* Task instructions
Your task is to restate exactly the lines from the one holding "Circle(ESQUISSE1_R_2, mode=Mode.SUBTRACT)" to the end of the entries below, inclusive.

Records contained in a dataset

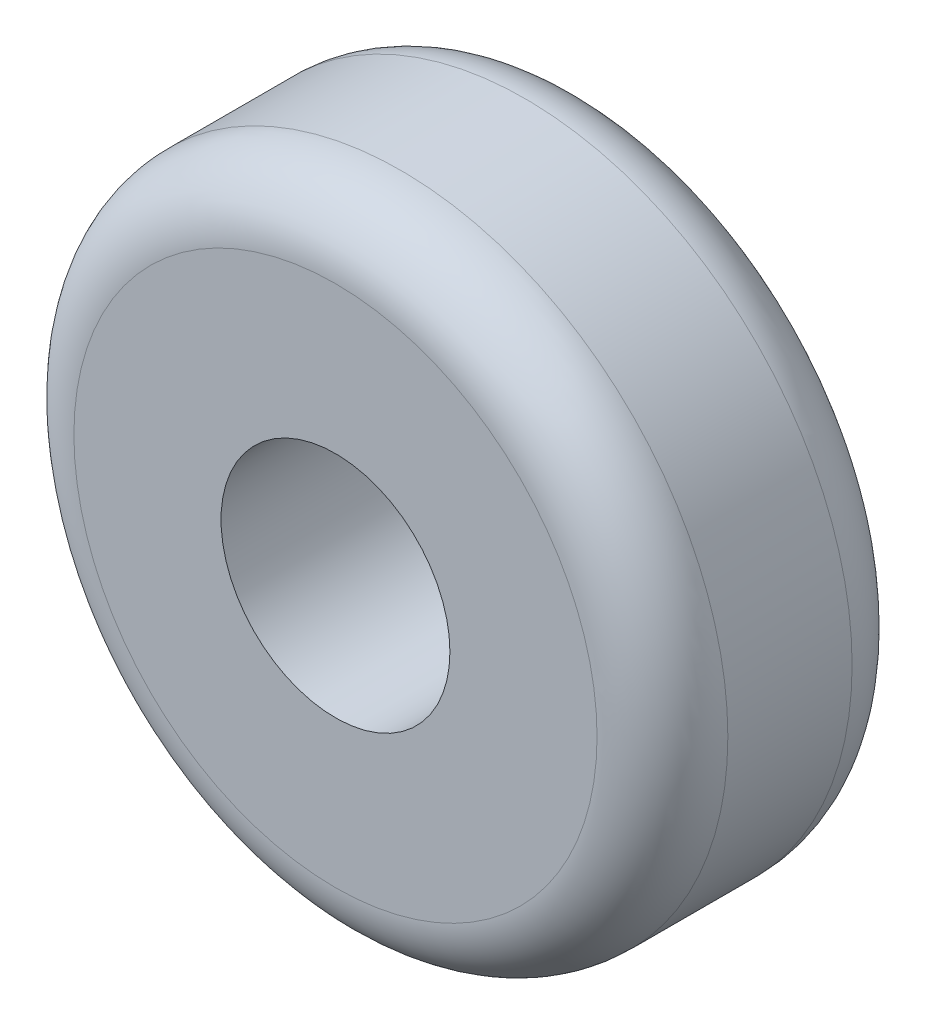
from build123d import *

# Parameters (mm, degrees)
ESQUISSE1_R        = 50
ESQUISSE1_R_2      = 17.5
BOSS_EXTRU_1_DEPTH = 39
CONG_1_R           = 10


with BuildPart() as part:
    # Esquisse1 → Boss.-Extru.1 (new body)
    with BuildSketch(Plane.XY):
        Circle(ESQUISSE1_R)
        Circle(ESQUISSE1_R_2, mode=Mode.SUBTRACT)
    extrude(amount=BOSS_EXTRU_1_DEPTH)

    # Congé1
    cong_1_edges = [part.edges().sort_by_distance(p)[0] for p in [
        (-50, 0, 39),
        (-50, 0, 0),
    ]]
    fillet(cong_1_edges, radius=CONG_1_R)


solid = part.part

* Response box
        Circle(ESQUISSE1_R_2, mode=Mode.SUBTRACT)
    extrude(amount=BOSS_EXTRU_1_DEPTH)

    # Congé1
    cong_1_edges = [part.edges().sort_by_distance(p)[0] for p in [
        (-50, 0, 39),
        (-50, 0, 0),
    ]]
    fillet(cong_1_edges, radius=CONG_1_R)


solid = part.part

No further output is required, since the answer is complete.